Vancouver (British Columbia), April 29 (Reuters): Two Sikh separatists accused of the 1985 bombing of Air-India flight Kanishka were “terrorists” so driven by a need for revenge that they were willing to kill “hundreds of innocent people”, a Canadian court was told on Monday.

Prosecutors opened their case against Ripudaman Singh Malik and Ajaib Singh Bagri, who were allegedly part of a group of Vancouver-based Sikh militants who conspired to attack the Indian government by destroying two Air-India jets simultaneously at opposite ends of globe.

The June 23, 1985, explosion of Flight 182 off the Irish coast, while on a flight from Canada to London and India killed 329 people, making it history’s deadliest act of aviation sabotage until 9/11.

Prosecutor Robert Wright said Malik and Bagri were part of a Vancouver-based conspiracy of Sikh separatists that wanted revenge on India over the army’s storming of the Golden Temple in Amritsar in 1984.

“It will be the position of the Crown that this motive was so strongly felt by the accused that they were prepared to murder hundreds of innocent people,” Wright told the court, whose audience included victims’ relatives.

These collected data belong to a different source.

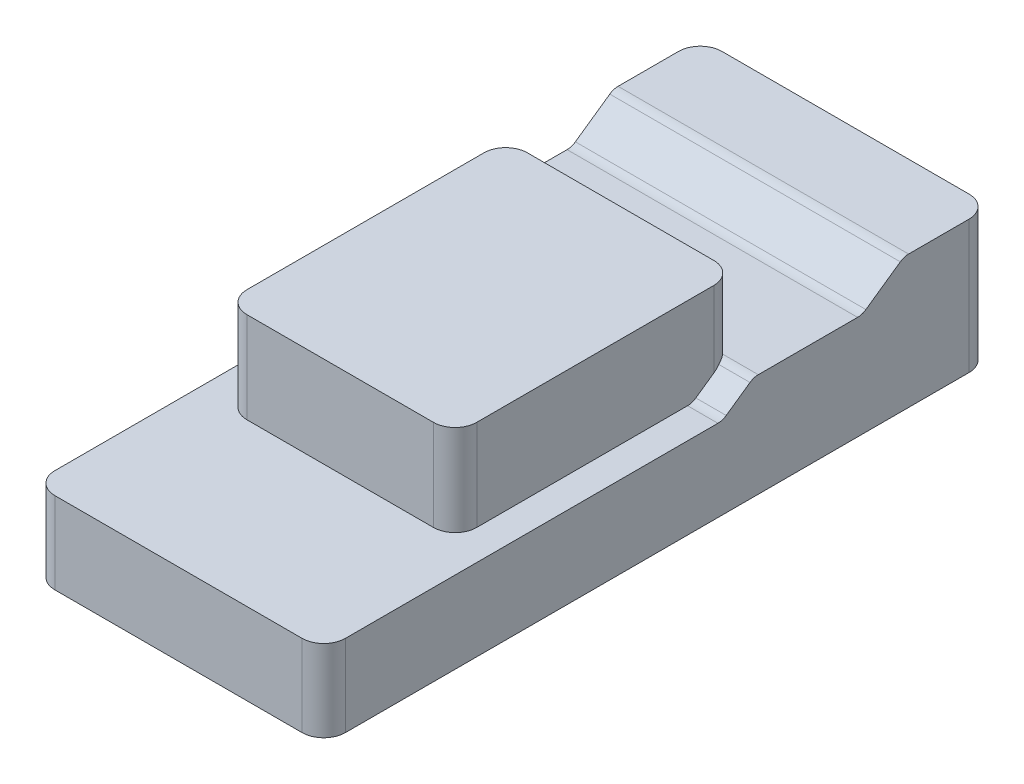
ISO-10303-21;
HEADER;
FILE_DESCRIPTION(('STEP AP214'),'2;1');
FILE_NAME('part.step','',(''),(''),'','','');
FILE_SCHEMA(('AUTOMOTIVE_DESIGN { 1 0 10303 214 1 1 1 1 }'));
ENDSEC;
DATA;
#1=APPLICATION_CONTEXT('core data for automotive mechanical design processes');
#2=APPLICATION_PROTOCOL_DEFINITION('international standard','automotive_design',2000,#1);
#3=PRODUCT_CONTEXT('',#1,'mechanical');
#4=PRODUCT('Part','Part','',(#3));
#5=PRODUCT_RELATED_PRODUCT_CATEGORY('part','',(#4));
#6=PRODUCT_DEFINITION_FORMATION('','',#4);
#7=PRODUCT_DEFINITION_CONTEXT('part definition',#1,'design');
#8=PRODUCT_DEFINITION('design','',#6,#7);
#9=PRODUCT_DEFINITION_SHAPE('','',#8);
#10=(LENGTH_UNIT() NAMED_UNIT(*) SI_UNIT(.MILLI.,.METRE.));
#11=(NAMED_UNIT(*) PLANE_ANGLE_UNIT() SI_UNIT($,.RADIAN.));
#12=(NAMED_UNIT(*) SI_UNIT($,.STERADIAN.) SOLID_ANGLE_UNIT());
#13=UNCERTAINTY_MEASURE_WITH_UNIT(LENGTH_MEASURE(1.E-05),#10,'distance_accuracy_value','');
#14=(GEOMETRIC_REPRESENTATION_CONTEXT(3) GLOBAL_UNCERTAINTY_ASSIGNED_CONTEXT((#13)) GLOBAL_UNIT_ASSIGNED_CONTEXT((#10,
#11,#12)) REPRESENTATION_CONTEXT('',''));
#15=CARTESIAN_POINT('',(0.,0.,0.));
#16=DIRECTION('',(0.,0.,1.));
#17=DIRECTION('',(1.,0.,0.));
#18=AXIS2_PLACEMENT_3D('',#15,#16,#17);
#19=CARTESIAN_POINT('',(-40.2,11.3,-9.02443063219845));
#20=DIRECTION('',(0.,1.,0.));
#21=DIRECTION('',(0.,0.,1.));
#22=AXIS2_PLACEMENT_3D('',#19,#20,#21);
#23=PLANE('',#22);
#24=DIRECTION('',(0.,0.,1.));
#25=VECTOR('',#24,1.);
#26=CARTESIAN_POINT('',(-36.,11.3,-15.0244306321985));
#27=LINE('',#26,#25);
#28=CARTESIAN_POINT('',(-36.,11.3,-8.39383305444048));
#29=VERTEX_POINT('',#28);
#30=CARTESIAN_POINT('',(-36.,11.3,20.7755693678015));
#31=VERTEX_POINT('',#30);
#32=EDGE_CURVE('E527',#29,#31,#27,.T.);
#33=ORIENTED_EDGE('',*,*,#32,.F.);
#34=DIRECTION('',(1.,0.,0.));
#35=VECTOR('',#34,1.);
#36=CARTESIAN_POINT('',(-40.2,11.3,-8.39383305444048));
#37=LINE('',#36,#35);
#38=CARTESIAN_POINT('',(-40.2,11.3,-8.39383305444048));
#39=VERTEX_POINT('',#38);
#40=EDGE_CURVE('E338',#29,#39,#37,.F.);
#41=ORIENTED_EDGE('',*,*,#40,.T.);
#42=DIRECTION('',(0.,0.,1.));
#43=VECTOR('',#42,1.);
#44=CARTESIAN_POINT('',(-40.2,11.3,-9.02443063219845));
#45=LINE('',#44,#43);
#46=CARTESIAN_POINT('',(-40.2,11.3,43.15));
#47=VERTEX_POINT('',#46);
#48=EDGE_CURVE('E503',#39,#47,#45,.T.);
#49=ORIENTED_EDGE('',*,*,#48,.T.);
#50=CARTESIAN_POINT('',(-37.2,11.3,43.15));
#51=DIRECTION('',(0.,1.,0.));
#52=DIRECTION('',(0.,0.,1.));
#53=AXIS2_PLACEMENT_3D('',#50,#51,#52);
#54=CIRCLE('',#53,3.);
#55=CARTESIAN_POINT('',(-37.2,11.3,46.15));
#56=VERTEX_POINT('',#55);
#57=EDGE_CURVE('E329',#47,#56,#54,.T.);
#58=ORIENTED_EDGE('',*,*,#57,.T.);
#59=DIRECTION('',(1.,0.,0.));
#60=VECTOR('',#59,1.);
#61=CARTESIAN_POINT('',(-40.2,11.3,46.15));
#62=LINE('',#61,#60);
#63=CARTESIAN_POINT('',(-3.,11.3,46.15));
#64=VERTEX_POINT('',#63);
#65=EDGE_CURVE('E494',#56,#64,#62,.T.);
#66=ORIENTED_EDGE('',*,*,#65,.T.);
#67=CARTESIAN_POINT('',(-3.,11.3,43.15));
#68=DIRECTION('',(0.,1.,0.));
#69=DIRECTION('',(0.,0.,1.));
#70=AXIS2_PLACEMENT_3D('',#67,#68,#69);
#71=CIRCLE('',#70,3.);
#72=CARTESIAN_POINT('',(0.,11.3,43.15));
#73=VERTEX_POINT('',#72);
#74=EDGE_CURVE('E326',#64,#73,#71,.T.);
#75=ORIENTED_EDGE('',*,*,#74,.T.);
#76=DIRECTION('',(0.,0.,1.));
#77=VECTOR('',#76,1.);
#78=CARTESIAN_POINT('',(0.,11.3,-9.02443063219845));
#79=LINE('',#78,#77);
#80=CARTESIAN_POINT('',(0.,11.3,-8.39383305444048));
#81=VERTEX_POINT('',#80);
#82=EDGE_CURVE('E482',#81,#73,#79,.T.);
#83=ORIENTED_EDGE('',*,*,#82,.F.);
#84=DIRECTION('',(1.,0.,0.));
#85=VECTOR('',#84,1.);
#86=CARTESIAN_POINT('',(-4.2,11.3,-8.39383305444048));
#87=LINE('',#86,#85);
#88=CARTESIAN_POINT('',(-4.19999999999999,11.3,-8.39383305444048));
#89=VERTEX_POINT('',#88);
#90=EDGE_CURVE('E336',#81,#89,#87,.F.);
#91=ORIENTED_EDGE('',*,*,#90,.T.);
#92=DIRECTION('',(0.,0.,-1.));
#93=VECTOR('',#92,1.);
#94=CARTESIAN_POINT('',(-4.19999999999997,11.3,23.7755693678015));
#95=LINE('',#94,#93);
#96=CARTESIAN_POINT('',(-4.19999999999998,11.3,20.7755693678015));
#97=VERTEX_POINT('',#96);
#98=EDGE_CURVE('E532',#97,#89,#95,.T.);
#99=ORIENTED_EDGE('',*,*,#98,.F.);
#100=CARTESIAN_POINT('',(-7.19999999999998,11.3,20.7755693678015));
#101=DIRECTION('',(0.,1.,0.));
#102=DIRECTION('',(0.,0.,1.));
#103=AXIS2_PLACEMENT_3D('',#100,#101,#102);
#104=CIRCLE('',#103,3.);
#105=CARTESIAN_POINT('',(-7.19999999999998,11.3,23.7755693678015));
#106=VERTEX_POINT('',#105);
#107=EDGE_CURVE('E291',#97,#106,#104,.F.);
#108=ORIENTED_EDGE('',*,*,#107,.T.);
#109=DIRECTION('',(1.,0.,0.));
#110=VECTOR('',#109,1.);
#111=CARTESIAN_POINT('',(-36.,11.3,23.7755693678015));
#112=LINE('',#111,#110);
#113=CARTESIAN_POINT('',(-33.,11.3,23.7755693678015));
#114=VERTEX_POINT('',#113);
#115=EDGE_CURVE('E529',#114,#106,#112,.T.);
#116=ORIENTED_EDGE('',*,*,#115,.F.);
#117=CARTESIAN_POINT('',(-33.,11.3,20.7755693678015));
#118=DIRECTION('',(0.,1.,0.));
#119=DIRECTION('',(0.,0.,1.));
#120=AXIS2_PLACEMENT_3D('',#117,#118,#119);
#121=CIRCLE('',#120,3.);
#122=EDGE_CURVE('E288',#114,#31,#121,.F.);
#123=ORIENTED_EDGE('',*,*,#122,.T.);
#124=EDGE_LOOP('',(#33,#41,#49,#58,#66,#75,#83,#91,#99,#108,#116,#123));
#125=FACE_BOUND('',#124,.T.);
#126=ADVANCED_FACE('F41',(#125),#23,.T.);
#127=CARTESIAN_POINT('',(-40.2,14.33,-13.3517190926271));
#128=DIRECTION('',(0.,0.819152044288991,0.573576436351047));
#129=DIRECTION('',(0.,-0.573576436351047,0.819152044288991));
#130=AXIS2_PLACEMENT_3D('',#127,#128,#129);
#131=PLANE('',#130);
#132=DIRECTION('',(0.,-0.573576436351047,0.819152044288991));
#133=VECTOR('',#132,1.);
#134=CARTESIAN_POINT('',(-40.2,14.33,-13.3517190926271));
#135=LINE('',#134,#133);
#136=CARTESIAN_POINT('',(-40.2,13.968304088578,-12.8351637976829));
#137=VERTEX_POINT('',#136);
#138=CARTESIAN_POINT('',(-40.2,11.661695911422,-9.54098592714258));
#139=VERTEX_POINT('',#138);
#140=EDGE_CURVE('E541',#137,#139,#135,.T.);
#141=ORIENTED_EDGE('',*,*,#140,.T.);
#142=DIRECTION('',(1.,0.,0.));
#143=VECTOR('',#142,1.);
#144=CARTESIAN_POINT('',(-36.,11.661695911422,-9.54098592714258));
#145=LINE('',#144,#143);
#146=CARTESIAN_POINT('',(-36.,11.661695911422,-9.54098592714258));
#147=VERTEX_POINT('',#146);
#148=EDGE_CURVE('E234',#139,#147,#145,.T.);
#149=ORIENTED_EDGE('',*,*,#148,.T.);
#150=DIRECTION('',(0.,0.573576436351047,-0.819152044288991));
#151=VECTOR('',#150,1.);
#152=CARTESIAN_POINT('',(-36.,14.33,-13.3517190926271));
#153=LINE('',#152,#151);
#154=CARTESIAN_POINT('',(-36.,13.4006226146291,-12.0244306321985));
#155=VERTEX_POINT('',#154);
#156=EDGE_CURVE('E227',#147,#155,#153,.T.);
#157=ORIENTED_EDGE('',*,*,#156,.T.);
#158=CARTESIAN_POINT('',(-33.,13.4006226146291,-12.0244306321985));
#159=DIRECTION('',(0.,0.819152044288991,0.573576436351047));
#160=DIRECTION('',(0.,-0.573576436351047,0.819152044288991));
#161=AXIS2_PLACEMENT_3D('',#158,#159,#160);
#162=ELLIPSE('',#161,3.66232376628437,3.);
#163=CARTESIAN_POINT('',(-35.8883752758919,13.968304088578,-12.8351637976829));
#164=VERTEX_POINT('',#163);
#165=EDGE_CURVE('E231',#155,#164,#162,.F.);
#166=ORIENTED_EDGE('',*,*,#165,.T.);
#167=DIRECTION('',(1.,0.,0.));
#168=VECTOR('',#167,1.);
#169=CARTESIAN_POINT('',(-40.2,13.968304088578,-12.8351637976829));
#170=LINE('',#169,#168);
#171=EDGE_CURVE('E331',#164,#137,#170,.F.);
#172=ORIENTED_EDGE('',*,*,#171,.T.);
#173=EDGE_LOOP('',(#141,#149,#157,#166,#172));
#174=FACE_BOUND('',#173,.T.);
#175=ADVANCED_FACE('F230',(#174),#131,.T.);
#176=DIRECTION('',(0.,-0.573576436351047,0.819152044288991));
#177=VECTOR('',#176,1.);
#178=CARTESIAN_POINT('',(-4.2,14.33,-13.3517190926271));
#179=LINE('',#178,#177);
#180=CARTESIAN_POINT('',(-4.19999999999999,13.4006226146291,-12.0244306321985));
#181=VERTEX_POINT('',#180);
#182=CARTESIAN_POINT('',(-4.19999999999999,11.661695911422,-9.54098592714258));
#183=VERTEX_POINT('',#182);
#184=EDGE_CURVE('E238',#181,#183,#179,.T.);
#185=ORIENTED_EDGE('',*,*,#184,.T.);
#186=DIRECTION('',(1.,0.,0.));
#187=VECTOR('',#186,1.);
#188=CARTESIAN_POINT('',(0.,11.661695911422,-9.54098592714258));
#189=LINE('',#188,#187);
#190=CARTESIAN_POINT('',(0.,11.661695911422,-9.54098592714258));
#191=VERTEX_POINT('',#190);
#192=EDGE_CURVE('E342',#183,#191,#189,.T.);
#193=ORIENTED_EDGE('',*,*,#192,.T.);
#194=DIRECTION('',(0.,-0.573576436351047,0.819152044288991));
#195=VECTOR('',#194,1.);
#196=CARTESIAN_POINT('',(0.,14.33,-13.3517190926271));
#197=LINE('',#196,#195);
#198=CARTESIAN_POINT('',(0.,13.968304088578,-12.8351637976829));
#199=VERTEX_POINT('',#198);
#200=EDGE_CURVE('E553',#199,#191,#197,.T.);
#201=ORIENTED_EDGE('',*,*,#200,.F.);
#202=DIRECTION('',(1.,0.,0.));
#203=VECTOR('',#202,1.);
#204=CARTESIAN_POINT('',(-40.2,13.968304088578,-12.8351637976829));
#205=LINE('',#204,#203);
#206=CARTESIAN_POINT('',(-4.31162472410811,13.968304088578,-12.8351637976829));
#207=VERTEX_POINT('',#206);
#208=EDGE_CURVE('E340',#199,#207,#205,.F.);
#209=ORIENTED_EDGE('',*,*,#208,.T.);
#210=CARTESIAN_POINT('',(-7.19999999999999,13.4006226146291,-12.0244306321985));
#211=DIRECTION('',(0.,0.819152044288991,0.573576436351047));
#212=DIRECTION('',(0.,-0.573576436351047,0.819152044288991));
#213=AXIS2_PLACEMENT_3D('',#210,#211,#212);
#214=ELLIPSE('',#213,3.66232376628437,3.);
#215=EDGE_CURVE('E286',#207,#181,#214,.F.);
#216=ORIENTED_EDGE('',*,*,#215,.T.);
#217=EDGE_LOOP('',(#185,#193,#201,#209,#216));
#218=FACE_BOUND('',#217,.T.);
#219=ADVANCED_FACE('F443',(#218),#131,.T.);
#220=CARTESIAN_POINT('',(-40.2,14.33,-28.3517190926271));
#221=DIRECTION('',(0.,1.,0.));
#222=DIRECTION('',(0.,0.,1.));
#223=AXIS2_PLACEMENT_3D('',#220,#221,#222);
#224=PLANE('',#223);
#225=DIRECTION('',(0.,0.,1.));
#226=VECTOR('',#225,1.);
#227=CARTESIAN_POINT('',(-40.2,14.33,-28.3517190926271));
#228=LINE('',#227,#226);
#229=CARTESIAN_POINT('',(-40.2,14.33,-27.7211215148691));
#230=VERTEX_POINT('',#229);
#231=CARTESIAN_POINT('',(-40.2,14.33,-13.982316670385));
#232=VERTEX_POINT('',#231);
#233=EDGE_CURVE('E539',#230,#232,#228,.T.);
#234=ORIENTED_EDGE('',*,*,#233,.T.);
#235=DIRECTION('',(1.,0.,0.));
#236=VECTOR('',#235,1.);
#237=CARTESIAN_POINT('',(-40.2,14.33,-13.982316670385));
#238=LINE('',#237,#236);
#239=CARTESIAN_POINT('',(-35.2730337132287,14.33,-13.982316670385));
#240=VERTEX_POINT('',#239);
#241=EDGE_CURVE('E352',#232,#240,#238,.T.);
#242=ORIENTED_EDGE('',*,*,#241,.T.);
#243=CARTESIAN_POINT('',(-33.,14.33,-12.0244306321985));
#244=DIRECTION('',(0.,1.,0.));
#245=DIRECTION('',(0.,0.,1.));
#246=AXIS2_PLACEMENT_3D('',#243,#244,#245);
#247=CIRCLE('',#246,3.);
#248=CARTESIAN_POINT('',(-33.,14.33,-15.0244306321985));
#249=VERTEX_POINT('',#248);
#250=EDGE_CURVE('E247',#240,#249,#247,.F.);
#251=ORIENTED_EDGE('',*,*,#250,.T.);
#252=DIRECTION('',(1.,0.,0.));
#253=VECTOR('',#252,1.);
#254=CARTESIAN_POINT('',(-40.2,14.33,-15.0244306321985));
#255=LINE('',#254,#253);
#256=CARTESIAN_POINT('',(-7.19999999999999,14.33,-15.0244306321985));
#257=VERTEX_POINT('',#256);
#258=EDGE_CURVE('E260',#249,#257,#255,.T.);
#259=ORIENTED_EDGE('',*,*,#258,.T.);
#260=CARTESIAN_POINT('',(-7.19999999999999,14.33,-12.0244306321985));
#261=DIRECTION('',(0.,1.,0.));
#262=DIRECTION('',(0.,0.,1.));
#263=AXIS2_PLACEMENT_3D('',#260,#261,#262);
#264=CIRCLE('',#263,3.);
#265=CARTESIAN_POINT('',(-4.92696628677132,14.33,-13.982316670385));
#266=VERTEX_POINT('',#265);
#267=EDGE_CURVE('E283',#257,#266,#264,.F.);
#268=ORIENTED_EDGE('',*,*,#267,.T.);
#269=DIRECTION('',(1.,0.,0.));
#270=VECTOR('',#269,1.);
#271=CARTESIAN_POINT('',(-40.2,14.33,-13.982316670385));
#272=LINE('',#271,#270);
#273=CARTESIAN_POINT('',(0.,14.33,-13.982316670385));
#274=VERTEX_POINT('',#273);
#275=EDGE_CURVE('E349',#266,#274,#272,.T.);
#276=ORIENTED_EDGE('',*,*,#275,.T.);
#277=DIRECTION('',(0.,0.,1.));
#278=VECTOR('',#277,1.);
#279=CARTESIAN_POINT('',(0.,14.33,-28.3517190926271));
#280=LINE('',#279,#278);
#281=CARTESIAN_POINT('',(0.,14.33,-27.7211215148691));
#282=VERTEX_POINT('',#281);
#283=EDGE_CURVE('E550',#282,#274,#280,.T.);
#284=ORIENTED_EDGE('',*,*,#283,.F.);
#285=DIRECTION('',(1.,0.,0.));
#286=VECTOR('',#285,1.);
#287=CARTESIAN_POINT('',(-40.2,14.33,-27.7211215148691));
#288=LINE('',#287,#286);
#289=EDGE_CURVE('E347',#282,#230,#288,.F.);
#290=ORIENTED_EDGE('',*,*,#289,.T.);
#291=EDGE_LOOP('',(#234,#242,#251,#259,#268,#276,#284,#290));
#292=FACE_BOUND('',#291,.T.);
#293=ADVANCED_FACE('F450',(#292),#224,.T.);
#294=CARTESIAN_POINT('',(-40.2,0.,46.15));
#295=DIRECTION('',(0.,0.,1.));
#296=DIRECTION('',(1.,0.,0.));
#297=AXIS2_PLACEMENT_3D('',#294,#295,#296);
#298=PLANE('',#297);
#299=ORIENTED_EDGE('',*,*,#65,.F.);
#300=DIRECTION('',(0.,-1.,0.));
#301=VECTOR('',#300,1.);
#302=CARTESIAN_POINT('',(-37.2,0.,46.15));
#303=LINE('',#302,#301);
#304=CARTESIAN_POINT('',(-37.2,0.,46.15));
#305=VERTEX_POINT('',#304);
#306=EDGE_CURVE('E323',#56,#305,#303,.T.);
#307=ORIENTED_EDGE('',*,*,#306,.T.);
#308=DIRECTION('',(1.,0.,0.));
#309=VECTOR('',#308,1.);
#310=CARTESIAN_POINT('',(-40.2,0.,46.15));
#311=LINE('',#310,#309);
#312=CARTESIAN_POINT('',(-3.,0.,46.15));
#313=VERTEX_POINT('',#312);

Malik, 56, a wealthy Vancouver businessman, and Bagri, 53, a sawmill worker, are also accused of a bombing 54 minutes before Flight 182 went down that killed two workers at Tokyo’s Narita airport. The Tokyo bomb was in luggage being transferred to another Air-India flight.

The case against Malik and Bagri, both prominent members of Western Canada’s large Sikh community, is based largely on statements they allegedly made to a handful of witnesses in the years after the bombing. The accused were arrested in October 2000.

Malik’s and Bagri’s legal teams, who are working independently in the trial, which is being heard by a single judge, attacked the credibility of the prosecution’s witnesses. They said witnesses were only repeating rumours widely reported by the media after Flight 182 was destroyed.

“Even if there was a conspiracy, Bagri was not a member,” his lawyer Richard Peck said in his opening remarks.

Malik’s attorney David Crossin said the key witness against his client was also motivated by revenge because she was a former employee who had been fired. The media are banned from naming the witness by a court order.

Crossin opened his statement by acknowledging that the destruction of Flight 182 was a “horror,” but said it was important for his clients to receive a fair trial.

About two dozen relatives of the victims were in the courtroom, and said they were relieved the trial was finally getting under way. Members of Malik’s and Bagri’s family were also in the court, but sat on the opposite side of the room in the high-security facility specially build for the trial.

Majar Sindhu, of Vancouver, heard in court for the first time that Malik allegedly talked to his sister, niece and nephew several days before Flight 182 exploded, and although he knew they were going to be on the aircraft he did not warn them.

“Incredible,” he said outside the courtroom, adding that he was confident the men would be convicted.

Prosecutors confirmed on Monday that they would also call Inderjit Singh Reyat and his wife as witnesses. Reyat pleaded guilty in February to a lesser charge of manslaughter for buying the materials used to make the Flight 182 bomb.

Prosecutors and defence attorneys also confirmed on Monday that they had reached a deal to admit large amounts of technical evidence about that bombing without arguments, which will reduce the amount of witnesses called. Even on the speedier timetable, the trial is not expected to end until early 2004.